**The data**
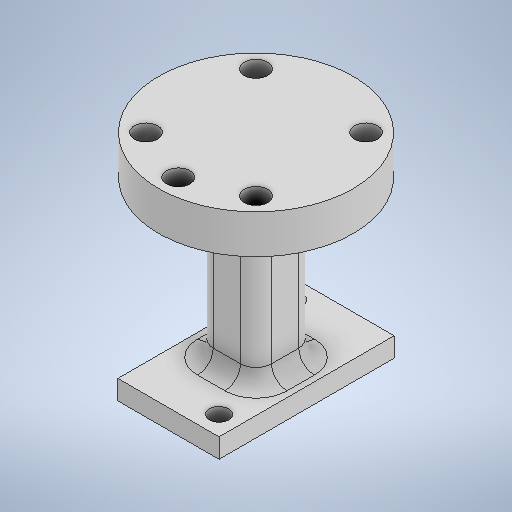
# Autodesk Inventor part: Flange
Saved by Autodesk Inventor 2025 (Build 290162000, 162)
## iProperties
Created: 2025-07-10
Part Number: Flange
Material: Genérico
Document SubType Name: Modeling
Designer: acer
Density: 1 g/cm^3
Appearance: Valor por defecto
Author: acer
Autodesk Inventor part; units mm, degrees
ref_plane "YZ Plane" through (0, 0, 0) normal (1, 0, 0) x (0, 1, 0)
ref_plane "XZ Plane" through (0, 0, 0) normal (0, 1, 0) x (-1, 0, 0)
ref_plane "XY Plane" through (0, 0, 0) normal (0, 0, 1) x (1, 0, 0)
sketch "Boceto1" plane through (0, 0, 0) normal (0, 1, 0) x (-1, 0, 0)
  line L0 (0, 0) -> (26, 0)
  line L1 (26, 0) -> (26, -45)
  line L2 (26, -45) -> (0, -45)
  line L3 (0, -45) -> (0, 0)
  dimension "d0" = 26
  dimension "d1" = 45
  constraints: 8 end point, 2 parallel, 1 horizontal, 1 perpendicular
  measures "d0" distance of L1.end L2.end
  measures "d1" distance of L0.end L1.end
extrude "Extrusión1" add sketch "Boceto1" along normal blind 5
sketch "Boceto2" plane through (0, 5, 0) normal (0, 1, 0) x (1, 0, 0)
  line L0 (-26, 0) -> (0, 0) projected
  line L1 (0, 0) -> (-5, 0)
  line L2 (0, 45) -> (-26, 45) projected
  line L3 (-26, 45) -> (-21, 45)
  line L4 (0, 45) -> (0, 40)
  line L5 (0, 0) -> (0, 45) projected
  line L6 (0, 0) -> (0, 5)
  line L7 (-26, 45) -> (-26, 0) projected
  circle A0 centre (-21, 40) radius 2.5
  circle A1 centre (-5, 5) radius 2.5
  dimension "d4" = 5
  dimension "d6" = 5
  dimension "d7" = 5
  dimension "d9" = 5
  dimension "d10" = 5
  constraints: 8 end point, 4 point on line, 2 centre point
  measures "d4" distance of L0.end L1.end
  measures "d6" distance of L2.end L3.end
  measures "d7" distance of L2.start L4.end
  measures "d9" diameter of A0
  measures "d10" diameter of A1
extrude "Extrusión2" cut sketch "Boceto2" against normal blind 5 contours A0 | A1
sketch "Boceto3" plane through (0, 5, 0) normal (0, 1, 0) x (1, 0, 0)
  line L0 (0, 0) -> (0, 45) projected
  line L1 (0, 45) -> (0, 37.5)
  line L2 (0, 45) -> (0, 30)
  line L3 (0, 0) -> (0, 15)
  line L4 (-5.5, 15) -> (-20.5, 15)
  line L5 (-20.5, 15) -> (-20.5, 30)
  line L6 (-20.5, 30) -> (-5.5, 30)
  line L7 (-5.5, 30) -> (-5.5, 15)
  constraints: 14 end point, 3 point on line, 2 perpendicular, 1 vertical
extrude "Extrusión3" add sketch "Boceto3" along normal blind 40
sketch "Boceto4" plane through (0, 45, 0) normal (0, 1, 0) x (1, 0, 0)
  line L0 (-5.5, 30) -> (-20.5, 30) projected
  line L1 (-20.5, 30) -> (-20.5, 15) projected
  line L2 (-20.5, 30) -> (-20.5, 15)
  line L3 (-5.5, 15) -> (-5.5, 30) projected
  circle A0 centre (-13, 22.5) radius 25
  point P0 (0, 0)
  constraints: 2 end point, 1 centre point, 1 collinear
extrude "Extrusión4" add sketch "Boceto4" along normal blind 10
fillet "Empalme1" radius 4 12 edges at (-13, 45, -30) (-5.5, 25, -30) (-5.5, 45, -22.5) (-5.5, 25, -15) (-20.5, 25, -30) (-20.5, 25, -15) (-13, 45, -15) (-20.5, 45, -22.5) (-20.5, 5, -22.5) (-13, 5, -15) (-13, 5, -30) (-5.5, 5, -22.5)
sketch "Boceto6" plane through (-13, 55, -22.5) normal (0, 1, 0) x (1, 0, 0)
  circle A0 centre (0, -20) radius 3
  line L0 (0, 0) -> (31.4027, 0) construction
  line L1 (0, 0) -> (28.2843, 0) construction
  circle A1 centre (14.1421, 14.1421) radius 3
  circle A2 centre (-14.1421, 14.1421) radius 3
  circle A3 centre (-14.1421, -14.1421) radius 3
  circle A4 centre (14.1421, -14.1421) radius 3
  point P0 (13, -22.5)
  dimension "d27" = 6
  dimension "d32" = 6
  dimension "d33" = 6
  dimension "d34" = 6
  dimension "d35" = 6
  constraints: 5 centre point, 4 end point, 2 horizontal
  measures "d27" diameter of A0
  measures "d32" diameter of A1
  measures "d33" diameter of A2
  measures "d34" diameter of A3
  measures "d35" diameter of A4
extrude "Extrusión5" cut sketch "Boceto6" against normal blind 10
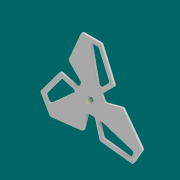
# Autodesk Inventor part: BatteryCoverLid
Saved by Autodesk Inventor 2020.4 (Build 244396010, 396A)
## iProperties
Created: 2022-09-11
Part Number: BatteryCoverLid
Material: Generic
Document SubType Name: Sheet Metal
Designer: Val
Density: 1 g/cm^3
Sheet Metal Rule: Default
Appearance: Default
Author: Val
Autodesk Inventor part; units mm, degrees
ref_plane "YZ Plane" through (0, 0, 0) normal (1, 0, 0) x (0, 1, 0)
ref_plane "XZ Plane" through (0, 0, 0) normal (0, 1, 0) x (-1, 0, 0)
ref_plane "XY Plane" through (0, 0, 0) normal (0, 0, 1) x (1, 0, 0)
sketch "Sketch1" plane through (0, 0, 0) normal (0, 0, 1) x (1, 0, 0)
  line L0 (15.875, 15.875) -> (-15.875, 15.875)
  line L1 (-15.875, 15.875) -> (-21.6857, 5.8107)
  line L2 (-21.6857, 5.8107) -> (-5.8107, -21.6857)
  line L3 (-5.8107, -21.6857) -> (5.8107, -21.6857)
  line L4 (5.8107, -21.6857) -> (21.6857, 5.8107)
  line L5 (21.6857, 5.8107) -> (15.875, 15.875)
  line L6 (50.6335, 13.5672) -> (21.6857, 5.8107)
  line L7 (37.0663, 37.0663) -> (15.875, 86.1801)
  line L8 (-15.875, 86.1801) -> (15.875, 86.1801)
  line L9 (-15.875, 86.1801) -> (-37.0663, 37.0663)
  line L10 (-37.0663, 37.0663) -> (-15.875, 15.875)
  line L11 (15.875, 15.875) -> (37.0663, 37.0663)
  line L12 (82.5716, -29.3419) -> (50.6335, 13.5672)
  line L13 (82.5716, -29.3419) -> (66.6966, -56.8382)
  line L14 (13.5672, -50.6335) -> (66.6966, -56.8382)
  line L15 (5.8107, -21.6857) -> (13.5672, -50.6335)
  line L16 (-13.5672, -50.6335) -> (-5.8107, -21.6857)
  line L17 (-66.6966, -56.8382) -> (-13.5672, -50.6335)
  line L18 (-66.6966, -56.8382) -> (-82.5716, -29.3419)
  line L19 (-50.6335, 13.5672) -> (-82.5716, -29.3419)
  line L20 (-21.6857, 5.8107) -> (-50.6335, 13.5672)
  circle A0 centre (0, 0) radius 3.675
  dimension "d0" = 7.35
  dimension "d1" = 113.339
  dimension "d2" = 111.661
  dimension "d3" = 166.678
  dimension "d4" = 6.661
  dimension "d5" = 81.661
  dimension "d6" = 46.678
  dimension "d7" = 126.661
  dimension "d8" = 51.661
  dimension "d9" = 60
  dimension "d10" = 73.322
  dimension "d11" = 60
  dimension "d12" = 70.305
  dimension "d13" = 107.8657
  dimension "d14" = 37.5607
  dimension "d15" = 107.8657
  dimension "d16" = 37.5607
  dimension "d17" = 70.305
  dimension "d18" = 48.7179
  dimension "d19" = 86.18
  dimension "d20" = 0
  dimension "d21" = 48.7179
  dimension "d22" = 0
  dimension "d23" = 48.7179
  dimension "d24" = 48.7179
  dimension "d25" = 48.7179
  dimension "d26" = 48.7179
  dimension "d27" = 48.7179
  dimension "d28" = 86.18
  measures "d0" diameter of A0
  measures "d1" angle of L12 L13
  measures "d2" angle of L12 L6
  measures "d3" angle of L12 L7
  measures "d4" angle of L12 L5
  measures "d5" angle of L12 L11
  measures "d6" angle of L12 L14
  measures "d7" angle of L12 L0
  measures "d8" angle of L12 L16
  measures "d9" angle of L12 L9
  measures "d10" angle of L12 L19
  measures "d11" angle of L12 L17
  measures "d12" distance between parallel lines of L13 L4
  measures "d13" distance between parallel lines of L13 L1
  measures "d14" distance between parallel lines of L5 L2
  measures "d15" distance between parallel lines of L18 L5
  measures "d16" distance between parallel lines of L0 L3
  measures "d17" distance between parallel lines of L8 L0
  measures "d18" distance from line of point (0, 0) L12
  measures "d19" distance from line of point (0, 0) L13
  measures "d20" distance from line of point (0, 0) L6
  measures "d21" distance from line of point (0, 0) L7
  measures "d22" distance from line of point (0, 0) L11
  measures "d23" distance from line of point (0, 0) L14
  measures "d24" distance from line of point (0, 0) L9
  measures "d25" distance from line of point (0, 0) L19
  measures "d26" distance from line of point (0, 0) L17
  measures "d27" distance from line of point (0, 0) L12
  measures "d28" distance from line of point (0, 0) L13
extrude "Plate1" add sketch "Sketch1" along normal blind 2.54
fillet "Corner Round1" radius 3.175 18 edges at (-15.875, 86.1801, 1.27) (15.875, 86.1801, 1.27) (-37.0663, 37.0663, 1.27) (-15.875, 15.875, 1.27) (37.0663, 37.0663, 1.27) (15.875, 15.875, 1.27) (21.6857, 5.8107, 1.27) (50.6335, 13.5672, 1.27) (82.5716, -29.3419, 1.27) (66.6966, -56.8382, 1.27) (13.5672, -50.6335, 1.27) (5.8107, -21.6857, 1.27) (-5.8107, -21.6857, 1.27) (-13.5672, -50.6335, 1.27) (-66.6966, -56.8382, 1.27) (-82.5716, -29.3419, 1.27) (-50.6335, 13.5672, 1.27) (-21.6857, 5.8107, 1.27)
sketch "Sketch2" plane through (0, 0, 0) normal (0, 0, -1) x (-1, 0, 0)
  line L0 (1.001, 79.8301) -> (-11.699, 79.8301)
  line L1 (-11.699, 79.8301) -> (-29.5281, 38.5084)
  line L2 (-29.5281, 38.5084) -> (-11.5942, 20.5744)
  line L3 (-11.5942, 20.5744) -> (1.001, 79.8301)
  line L4 (-13.787, 86.1801) -> (13.787, 86.1801) projected
  line L5 (-17.5977, 17.5977) -> (-35.5423, 35.5423) projected
  line L6 (-36.2124, 39.0452) -> (-16.7022, 84.2629) projected
  arc A0 (-36.2124, 39.0452) -> (-35.5423, 35.5423) centre (-33.2972, 37.7873) ccw projected
  line L7 (48.1133, 6.3179) -> (74.9843, -29.7834)
  line L8 (81.3249, -27.6669) -> (51.9203, 11.8383) projected
  line L9 (74.9843, -29.7834) -> (68.6343, -40.7819)
  line L10 (68.6343, -40.7819) -> (23.615, -0.2464)
  line L11 (23.615, -0.2464) -> (48.1133, 6.3179)
  line L12 (-12.0209, -20.328) -> (-18.5852, -44.8263)
  line L13 (-18.5852, -44.8263) -> (-63.2854, -50.0466)
  line L14 (-63.2854, -50.0466) -> (-69.6354, -39.0481)
  line L15 (-69.6354, -39.0481) -> (-12.0209, -20.328)
  line L16 (24.0389, 6.4412) -> (48.5516, 13.0094) projected
  line L17 (81.5276, -31.1501) -> (67.7406, -55.0299) projected
  line L18 (-6.4412, -24.0389) -> (-13.0094, -48.5516) projected
  line L19 (-15.7079, -50.8835) -> (-64.6227, -56.596) projected
  line L20 (-67.7406, -55.0299) -> (-81.5276, -31.1501) projected
  point P0 (0, 0)
  dimension "d31" = 6.35
  dimension "d32" = 6.35
  dimension "d33" = 6.35
  dimension "d36" = 6.35
  dimension "d37" = 6.35
  dimension "d38" = 6.35
  dimension "d39" = 6.35
  dimension "d40" = 6.35
  dimension "d41" = 6.35
  dimension "d42" = 57
  dimension "d43" = 57
  dimension "d44" = 57
  dimension "d45" = 12.7
  constraints: 24 end point, 9 parallel, 2 equal length, 1 horizontal
  measures "d31" distance between parallel lines of L4 L0
  measures "d32" distance between parallel lines of L5 L2
  measures "d33" distance between parallel lines of L6 L1
  measures "d36" distance between parallel lines of L8 L7
  measures "d37" distance between parallel lines of L17 L9
  measures "d38" distance between parallel lines of L16 L11
  measures "d39" distance between parallel lines of L18 L12
  measures "d40" distance between parallel lines of L19 L13
  measures "d41" distance between parallel lines of L20 L14
  measures "d42" angle of L12 L15
  measures "d43" angle of L3 L2
  measures "d44" angle of L10 L11
  measures "d45" distance of L7.end L9.end
extrude "Cut1" cut sketch "Sketch2" against normal blind 2.54
fillet "Corner Round2" radius 3.175 12 edges at (-23.615, -0.2464, 1.27) (-48.1133, 6.3179, 1.27) (-74.9843, -29.7834, 1.27) (-68.6343, -40.7819, 1.27) (-1.001, 79.8301, 1.27) (11.699, 79.8301, 1.27) (29.5281, 38.5084, 1.27) (11.5942, 20.5744, 1.27) (12.0209, -20.328, 1.27) (18.5852, -44.8263, 1.27) (69.6354, -39.0481, 1.27) (63.2854, -50.0466, 1.27)
equation "\"d32\" = d31"
equation "\"d33\" = d31"
equation "\"d36\" = d31"
equation "\"d37\" = d31"
equation "\"d38\" = d31"
equation "\"d39\" = d31"
equation "\"d40\" = d31"
equation "\"d41\" = d31"
equation "\"d46\" = Thickness"
equation "\"d29\" = Thickness"
equation "\"BendRadius\" = Thickness"
equation "\"BendReliefWidth\" = Thickness"
equation "\"BendReliefDepth\" = 0.5 * Thickness"
equation "\"CornerReliefSize\" = 4 * Thickness"
equation "\"MinimumRemnant\" = 2 * Thickness"
equation "\"TransitionRadius\" = BendRadius"
equation "\"JacobiRadiusSize\" = BendRadius"
equation "\"GapSize\" = Thickness"
equation "\"Thickness\" = 2.54"
body "Solid1"

**Problem details**
Repeat word for word the lines above that run from the line containing "line L6 (0, 0) -> (0, 5)" through the line containing "line L5 (-20.5, 15) -> (-20.5, 30)", both ends included, and nothing else.

**Result for this exercise**
  line L6 (0, 0) -> (0, 5)
  line L7 (-26, 45) -> (-26, 0) projected
  circle A0 centre (-21, 40) radius 2.5
  circle A1 centre (-5, 5) radius 2.5
  dimension "d4" = 5
  dimension "d6" = 5
  dimension "d7" = 5
  dimension "d9" = 5
  dimension "d10" = 5
  constraints: 8 end point, 4 point on line, 2 centre point
  measures "d4" distance of L0.end L1.end
  measures "d6" distance of L2.end L3.end
  measures "d7" distance of L2.start L4.end
  measures "d9" diameter of A0
  measures "d10" diameter of A1
extrude "Extrusión2" cut sketch "Boceto2" against normal blind 5 contours A0 | A1
sketch "Boceto3" plane through (0, 5, 0) normal (0, 1, 0) x (1, 0, 0)
  line L0 (0, 0) -> (0, 45) projected
  line L1 (0, 45) -> (0, 37.5)
  line L2 (0, 45) -> (0, 30)
  line L3 (0, 0) -> (0, 15)
  line L4 (-5.5, 15) -> (-20.5, 15)
  line L5 (-20.5, 15) -> (-20.5, 30)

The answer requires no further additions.